While being prepped for a C-section my anxiety go the best of me. I fear any new medication as I am afraid I will have a reaction. I warned the Doctors not to give me heavy narcotics especially. They agreed that they would do the best they could according to my needs.
I gave birth to a beautiful baby boy at 5 lbs. Of course we all shared tears of joy in the delivery room. I'll tell you there is nothing like the extreme happiness of just giving birth (so to speak) to a healthy child.
In recovery all I wanted to do was see my baby. I had to wait though.

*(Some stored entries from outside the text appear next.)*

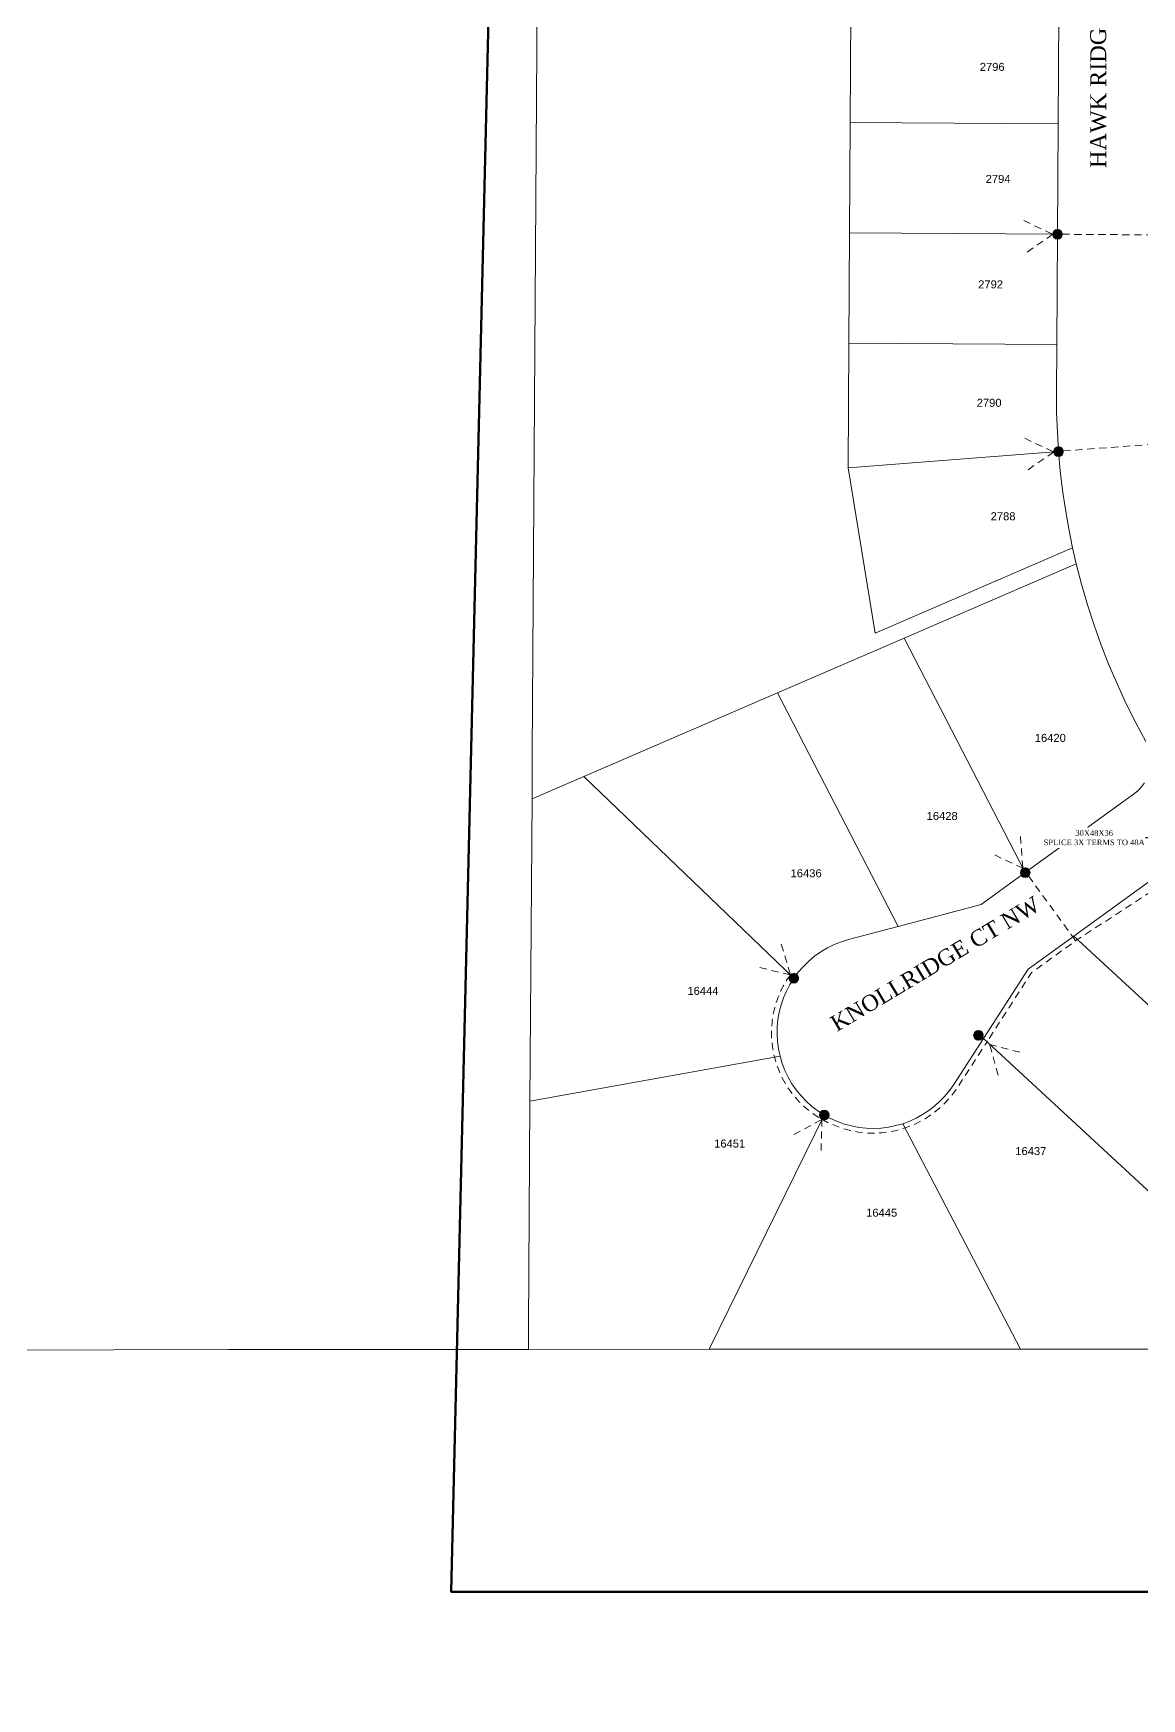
# Model space of a CAD drawing. Header units: feet. Extents: x 865220 to 2774701, y -2240498 to 961524.
# Drawn here: x 2763460 to 2764152, y 951817 to 952858 of the extents above; entities that cross this region are included whole.
import ezdxf
from ezdxf import colors
from ezdxf.entities.mleader import LeaderData, LeaderLine
from ezdxf.math import Vec2, Vec3

# ---------------------------------------------------------------- set-up
doc = ezdxf.new("R2010")
doc.units = ezdxf.units.FT
doc.header["$LTSCALE"] = 0.015
doc.header["$MEASUREMENT"] = 0
doc.linetypes.add('DASHED', pattern=[5, 3, -2])
for name, color, linetype, lineweight in [('DETAIL', 7, 'Continuous', 5), ('DROP BURIED', 7, 'DASHED', 5), ('Parcels', 7, 'Continuous', 0), ('PROP_TEL', 6, 'Continuous', 5), ('Route_3_PSAs', 1, 'Continuous', 100), ('RUNNING LINE (UNDERGROUND)', 10, 'Continuous', 40)]:
    doc.layers.add(name, color=color, linetype=linetype, lineweight=lineweight)
doc.layers.add('Scott County Addresses', color=7, linetype='Continuous')
doc.layers.add('STREET NAME', color=7, linetype='Continuous')
doc.styles.add('Dimensions 100', font='arial.ttf')
doc.styles.get("Standard").update_dxf_attribs({"font": 'times.ttf'})

# ---------------------------------------------------------------- blocks, each defined once
blk = doc.blocks.new('ACMAP_ANN_TEMPLATE_Scott County Address')
at = {"layer": 'Scott County Addresses', "style": 'Dimensions 100'}
blk.add_attdef('ScottCountyAddress', (0, 0), '', height=50, dxfattribs=at)
blk = doc.blocks.new('Proposed FlowerPot')
at = {"lineweight": 5, "ltscale": 100, "true_color": 0xffffff}
h = blk.add_hatch(color=7, dxfattribs=at)
h.dxf.hatch_style = 1
h.paths.add_polyline_path([(-0.06, 0, 0.414214), (0, -0.06, 0.414214), (0.06, 0, 0.414214), (0, 0.06, 0.414214)])
at = {"lineweight": 5, "ltscale": 100}
blk.add_circle((0, 0), 0.0604, dxfattribs=at)
at = {"layer": 'RUNNING LINE (UNDERGROUND)', "color": 6, "lineweight": 5, "const_width": 0.00907, "flags": 128}
blk.add_lwpolyline([(-0.06, 0, -0.414214), (0, 0.06, -0.414214), (0.06, 0, -0.414214), (0, -0.06, -0.414214), (-0.06, 0)], format="xyb", dxfattribs=at)
at = {"color": 18, "linetype": 'ByBlock', "lineweight": 5, "ltscale": 100, "true_color": 0x000000, "style": 'Dimensions 100'}
blk.add_text('F', height=0.0744, dxfattribs=at).set_placement((-0.029, -0.037))

msp = doc.modelspace()

# ---------------------------------------------------------------- linework, layer by layer
at = {"layer": 'DROP BURIED', "lineweight": 5, "ltscale": 100}
for points in [[(2764078.5, 952740.9), (2764096.6, 952732.3), (2764080.2, 952720.9)], [(2764079.1, 952604.8), (2764097.2, 952596.3), (2764080.8, 952584.9)], [(2764076.4, 952356), (2764078, 952336.1), (2764059.9, 952344.7)], [(2763927, 952288.7), (2763932.6, 952269.5), (2763913.2, 952274.2)], [(2764062.5, 952206.8), (2764057.2, 952226.1), (2764076.5, 952221)], [(2763934.8, 952169.7), (2763952.4, 952179.2), (2763951.8, 952159.2)]]:
    msp.add_lwpolyline(points, dxfattribs=at)
at = {"layer": 'DROP BURIED', "lineweight": 5, "ltscale": 100, "flags": 128}
for points in [[(2764102.6, 952732.3), (2764162.6, 952731.9)], [(2764103.2, 952596.9), (2764163.1, 952601.4)], [(2764378.2, 952478.5), (2764353.8, 952460.8), (2764194.9, 952345.5), (2764111.6, 952291.3), (2764083.4, 952270.9), (2764055.8, 952228.1)], [(2764081.5, 952331.3), (2764110.9, 952290.8)], [(2763952.3, 952179.3), (2763956.5, 952177), (2763961, 952175.1), (2763965.5, 952173.4), (2763970.2, 952172.2), (2763975, 952171.3), (2763979.8, 952170.7), (2763984.7, 952170.6), (2763989.6, 952170.8), (2763994.4, 952171.4), (2763999.1, 952172.3), (2764003.8, 952173.7), (2764008.3, 952175.3), (2764012.6, 952177.3), (2764016.8, 952179.6), (2764020.8, 952182.2), (2764024.6, 952185.1), (2764028.1, 952188.3), (2764031.4, 952191.8), (2764034.5, 952195.5), (2764037.2, 952199.3), (2764055.8, 952228.1)]]:
    msp.add_lwpolyline(points, dxfattribs=at)
msp.add_lwpolyline([(2763932.6, 952269.5, 0.447042), (2763952.3, 952179.3)], format="xyb", dxfattribs=at)
at = {"layer": 'Parcels', "lineweight": 5, "ltscale": 100}
for p, q in [((2763778.4, 953470.6), (2763771.3, 952407.6)), ((2763924.7, 952445.8), (2763803.5, 952393.5)), ((2763771.2, 952379.5), (2763771.3, 952407.6)), ((2763803.5, 952393.5), (2763771.2, 952379.5)), ((2763934.8, 952267.4), (2763803.5, 952393.5)), ((2763769.9, 952190.5), (2763771.2, 952379.5)), ((2763769.9, 952190.5), (2763926.2, 952218.7)), ((2763769, 952049.3), (2763769.9, 952190.5)), ((2763768.9, 952035.5), (2763769, 952049.3)), ((2763769, 952049.3), (2763768.9, 952035.5)), ((2762429.5, 952031.9), (2763581.7, 952035.4)), ((2763581.7, 952035.4), (2763625.1, 952035.5)), ((2763625.1, 952035.5), (2763663.3, 952035.5)), ((2763663.3, 952035.5), (2763768.9, 952035.5)), ((2763768.9, 952035.5), (2763882, 952035.6))]:
    msp.add_line(p, q, dxfattribs=at)
at = {"layer": 'Parcels', "lineweight": 5}
for p, q in [((2763970.5, 952871.2), (2763970.1, 952802.2)), ((2764100.1, 952801.3), (2764100.5, 952870.3)), ((2763970.1, 952802.2), (2763969.6, 952733.2)), ((2763969.6, 952733.2), (2763970.1, 952802.2)), ((2763970.1, 952802.2), (2764100.1, 952801.3)), ((2764099.6, 952732.3), (2764100.1, 952801.3)), ((2764100.1, 952801.3), (2764100.1, 952801.3)), ((2763969.2, 952664.2), (2763969.6, 952733.2)), ((2764099.6, 952732.3), (2763969.6, 952733.2)), ((2764099.2, 952663.4), (2764099.6, 952732.3)), ((2764099.6, 952732.3), (2764099.6, 952732.3)), ((2763969.2, 952664.2), (2763968.7, 952586.3)), ((2763968.7, 952586.3), (2763969.2, 952664.2)), ((2764099.2, 952663.4), (2763969.2, 952664.2)), ((2764099, 952632.8), (2764099.2, 952663.4)), ((2764099.2, 952663.4), (2764099.2, 952663.4)), ((2764099, 952620.7), (2764099, 952632.8)), ((2764099.5, 952608.6), (2764099, 952620.7)), ((2764100.2, 952596.5), (2764099.5, 952608.6)), ((2764100.2, 952596.5), (2763968.7, 952586.3)), ((2763968.7, 952586.3), (2764100.2, 952596.5)), ((2764101.3, 952584.4), (2764100.2, 952596.5)), ((2763968.7, 952586.3), (2763985.6, 952483)), ((2764102.7, 952572.3), (2764101.3, 952584.4)), ((2764104.5, 952560.3), (2764102.7, 952572.3)), ((2764106.6, 952548.3), (2764104.5, 952560.3)), ((2764109, 952536.3), (2764106.6, 952548.3)), ((2764109, 952536.3), (2763985.6, 952483)), ((2764109, 952536.3), (2764109, 952536.3)), ((2764111.3, 952526.4), (2764109, 952536.3)), ((2764003.8, 952480), (2764111.3, 952526.4)), ((2764111.3, 952526.4), (2764003.8, 952480)), ((2764114.6, 952513.6), (2764111.3, 952526.4)), ((2764118.3, 952500.8), (2764114.6, 952513.6)), ((2764122.4, 952488.1), (2764118.3, 952500.8)), ((2764126.9, 952475.6), (2764122.4, 952488.1)), ((2764003.8, 952480), (2763924.7, 952445.8)), ((2764079.4, 952333.4), (2764003.8, 952480)), ((2764003.8, 952480), (2764079.4, 952333.4)), ((2764131.7, 952463.2), (2764126.9, 952475.6)), ((2764137, 952451), (2764131.7, 952463.2)), ((2764000, 952299.7), (2763924.7, 952445.8)), ((2764142.5, 952438.9), (2764137, 952451)), ((2764148.5, 952427.1), (2764142.5, 952438.9)), ((2764154.8, 952415.4), (2764148.5, 952427.1)), ((2764079.4, 952333.4), (2764147.7, 952382.9)), ((2764147.7, 952382.9), (2764150, 952384.8)), ((2764150, 952384.8), (2764152.1, 952387)), ((2764152.1, 952387), (2764153.9, 952389.5)), ((2764051.8, 952313.4), (2764079.4, 952333.4)), ((2764079.4, 952333.4), (2764079.4, 952333.4)), ((2764000, 952299.7), (2764051.8, 952313.4)), ((2763969, 952291.6), (2764000, 952299.7)), ((2764000, 952299.7), (2764000, 952299.7)), ((2763955.8, 952286.3), (2763960, 952288.4)), ((2763960, 952288.4), (2763964.5, 952290.2)), ((2763964.5, 952290.2), (2763969, 952291.6)), ((2764109.8, 952293.7), (2764215.5, 952196)), ((2763940.8, 952274.8), (2763944.2, 952278.1)), ((2763944.2, 952278.1), (2763947.8, 952281.2)), ((2763947.8, 952281.2), (2763951.7, 952283.9)), ((2763951.7, 952283.9), (2763955.8, 952286.3)), ((2763932.3, 952263.5), (2763934.8, 952267.4)), ((2763934.8, 952267.4), (2763937.6, 952271.3)), ((2763934.8, 952267.4), (2763934.8, 952267.4)), ((2763937.6, 952271.3), (2763940.8, 952274.8)), ((2763928.3, 952255.2), (2763930.2, 952259.4)), ((2763930.2, 952259.4), (2763932.3, 952263.5)), ((2763924.9, 952241.7), (2763925.7, 952246.3)), ((2763925.7, 952246.3), (2763926.8, 952250.8)), ((2763926.8, 952250.8), (2763928.3, 952255.2)), ((2763924.3, 952232.4), (2763924.4, 952237.1)), ((2763924.4, 952237.1), (2763924.9, 952241.7)), ((2763924.6, 952227.8), (2763924.3, 952232.4)), ((2763925.2, 952223.2), (2763924.6, 952227.8)), ((2764164.2, 952127.2), (2764053.3, 952229.8)), ((2764053.3, 952229.8), (2764164.2, 952127.2)), ((2763926.2, 952218.7), (2763925.2, 952223.2)), ((2763927.5, 952214.2), (2763926.2, 952218.7)), ((2763929.2, 952209.8), (2763927.5, 952214.2)), ((2763931.3, 952205.5), (2763929.2, 952209.8)), ((2763933.6, 952201.4), (2763931.3, 952205.5)), ((2763936.3, 952197.6), (2763933.6, 952201.4)), ((2763939.3, 952193.9), (2763936.3, 952197.6)), ((2763942.5, 952190.5), (2763939.3, 952193.9)), ((2763946.1, 952187.3), (2763942.5, 952190.5)), ((2763949.8, 952184.5), (2763946.1, 952187.3)), ((2763953.8, 952181.9), (2763949.8, 952184.5)), ((2763882, 952035.6), (2763953.8, 952181.9)), ((2764076.4, 952035.6), (2764002.9, 952176.5)), ((2764002.9, 952176.5), (2764002.9, 952176.5)), ((2763882, 952035.6), (2764076.4, 952035.6)), ((2764076.4, 952035.6), (2764164.3, 952035.7))]:
    msp.add_line(p, q, dxfattribs=at)
for points in [[(2764053.3, 952229.8), (2764081.2, 952273), (2764109.8, 952293.7), (2764180.1, 952344.7)], [(2763953.8, 952181.9), (2763953.8, 952181.9), (2763957.8, 952179.7), (2763962.1, 952177.8), (2763966.4, 952176.3), (2763970.9, 952175.1), (2763975.4, 952174.2), (2763980.1, 952173.7), (2763984.7, 952173.6), (2763989.3, 952173.8), (2763993.9, 952174.3), (2763998.4, 952175.3), (2764002.9, 952176.5), (2764007.2, 952178.1), (2764011.3, 952180), (2764015.3, 952182.2), (2764019.1, 952184.7), (2764022.7, 952187.4), (2764026.1, 952190.5), (2764029.2, 952193.8), (2764032.1, 952197.3), (2764034.7, 952201), (2764053.3, 952229.8)]]:
    msp.add_lwpolyline(points, dxfattribs=at)
at = {"layer": 'Route_3_PSAs', "ltscale": 50, "flags": 128}
msp.add_lwpolyline([(2765847.9, 957447.7), (2768617.2, 957421.7), (2768600.1, 956806.7), (2768477.8, 956145.2), (2768507.8, 955585.1), (2769992.3, 955585.1), (2769862.1, 953817.7), (2766205.5, 950780.9), (2765276.3, 950776.5), (2764380.6, 951884), (2763720.6, 951884), (2763786.2, 954650.6), (2764381.1, 954801.5), (2766461.2, 954801.5), (2766410.2, 955994.1), (2765829.7, 956000.3), (2765847.9, 957447.7)], dxfattribs=at)

# ---------------------------------------------------------------- block references
at = {"layer": 'PROP_TEL', "lineweight": 5, "xscale": 50, "yscale": 50, "zscale": 50}
for p in [(2764099.6, 952732.3), (2764100.2, 952596.5), (2764079.4, 952333.4), (2763934.8, 952267.4), (2764050.2, 952231.7), (2763953.8, 952181.9)]:
    msp.add_blockref('Proposed FlowerPot', p, dxfattribs=at)
at = {"layer": 'Scott County Addresses', "lineweight": 5, "xscale": 0.1, "yscale": 0.1, "zscale": 0.1}
for p, values in [((2764051, 952834.4), {'ScottCountyAddress': '2796'}), ((2764054.7, 952764.4), {'ScottCountyAddress': '2794'}), ((2764050, 952698.5), {'ScottCountyAddress': '2792'}), ((2764049.1, 952624.5), {'ScottCountyAddress': '2790'}), ((2764057.8, 952553.6), {'ScottCountyAddress': '2788'}), ((2764085.4, 952415.1), {'ScottCountyAddress': '16420'}), ((2764017.8, 952366.3), {'ScottCountyAddress': '16428'}), ((2763932.8, 952330.5), {'ScottCountyAddress': '16436'}), ((2763868.3, 952257), {'ScottCountyAddress': '16444'}), ((2763885, 952161.6), {'ScottCountyAddress': '16451'}), ((2764073.2, 952156.9), {'ScottCountyAddress': '16437'}), ((2763980, 952118.4), {'ScottCountyAddress': '16445'})]:
    msp.add_blockref('ACMAP_ANN_TEMPLATE_Scott County Address', p, dxfattribs=at).add_auto_attribs(values)

# ---------------------------------------------------------------- texts
at = {"layer": 'STREET NAME', "lineweight": 5, "ltscale": 40, "char_height": 10, "attachment_point": 1}
for s, insert, rotation in [('HAWK RIDGE RD NW', (2764120, 952773.7), 89.9956), ('KNOLLRIDGE CT NW', (2763956.5, 952242.3), 30.9523)]:
    msp.add_mtext(s, dxfattribs=dict(at, insert=insert, rotation=rotation))

# ---------------------------------------------------------------- next in the draw order: leaders
at = {"layer": 'DETAIL', "lineweight": 5, "ltscale": 5}
ml = msp.add_multileader_mtext('Standard', dxfattribs=at)
ml.set_content('30X48X36\\PSPLICE 3X TERMS TO 48A', color=256)
ml.set_leader_properties()
ml.build(insert=Vec2(0, 0))
ml.multileader.update_dxf_attribs({"has_text_frame": 1, "text_left_attachment_type": 2, "text_right_attachment_type": 2, "dogleg_length": 3})
ctx = ml.context
ctx.base_point, ctx.char_height, ctx.landing_gap_size, ctx.plane_origin = Vec3(2764090.3, 952355.2), 3.5, 1.5, Vec3(2764293.4, 952380.3)
ctx.left_attachment, ctx.right_attachment, ctx.text_align_type = 2, 2, 1
notes = []
notes.append((ctx, [(0, (1, 1, 0), (2764157.6, 952355.2), (-1, 0), 3, [(0, [(2764187.9, 952353.7)], 0, [])])]))
ctx.mtext.insert, ctx.mtext.alignment, ctx.mtext.flow_direction = Vec3(2764122.5, 952359.9), 2, 5
ctx.mtext.has_bg_fill, ctx.mtext.bg_color, ctx.mtext.bg_scale_factor, ctx.mtext.bg_transparency, ctx.mtext.use_window_bg_color = 1, -1027028792, 1.5, 0, 1
for ctx, leaders in notes:
    for number, flags, end, landing, length, lines in leaders:
        leader = LeaderData()
        leader.index, (leader.has_last_leader_line, leader.has_dogleg_vector, leader.attachment_direction) = number, flags
        leader.last_leader_point, leader.dogleg_vector, leader.dogleg_length = Vec3(end), Vec3(landing), length
        for number, points, colour, breaks in lines:
            line = LeaderLine()
            line.index, line.vertices, line.color, line.breaks = number, Vec3.list(points), colors.encode_raw_color(colour), breaks
            leader.lines.append(line)
        ctx.leaders.append(leader)

doc.saveas('drawing.dxf')

The nurse stood loyally by my side partially because she knew I had anxiety and was being supportive. It was just 2 days before Christmas and I repeatedly thanked the fine staff that was caring for me, for spending the holiday's caring for patients. I just loved my faithful nurse to my side, and I told her so. She was like a mother/angel to me. The orderlies were quite special too, and I told them to give their families all hugs and kisses for me.
I was soooo happy. My mom came in the room and I just started balling like a baby. She assumed something was wrong. But I explained very clearly to her that:
"I had wasted my whole life being miserable. Life in itself was a beautiful thing and we all take it for granted. The sun shines upon the flowers, the trees, the earth, and us and we ignore it. God provides us with so many opportunities to learn and we don't even pay attention. There is beauty in even the little things in life.
I has wasted the first half of my life being miserable and now it was time to embrass life with a big, warm hug...And I was extactic to have just mothered my fourth child"
I looked to my gentle, caring nurse with loving eyes and said,
"Boy these hormones after having a baby are something else, aren't they. I am so happy." and she replied,
"It's not the hormones dear, It is the morphine I have been slipping in your IV the last half hour when you weren't paying attention."
Stop by my SusieQ Books site too!!!!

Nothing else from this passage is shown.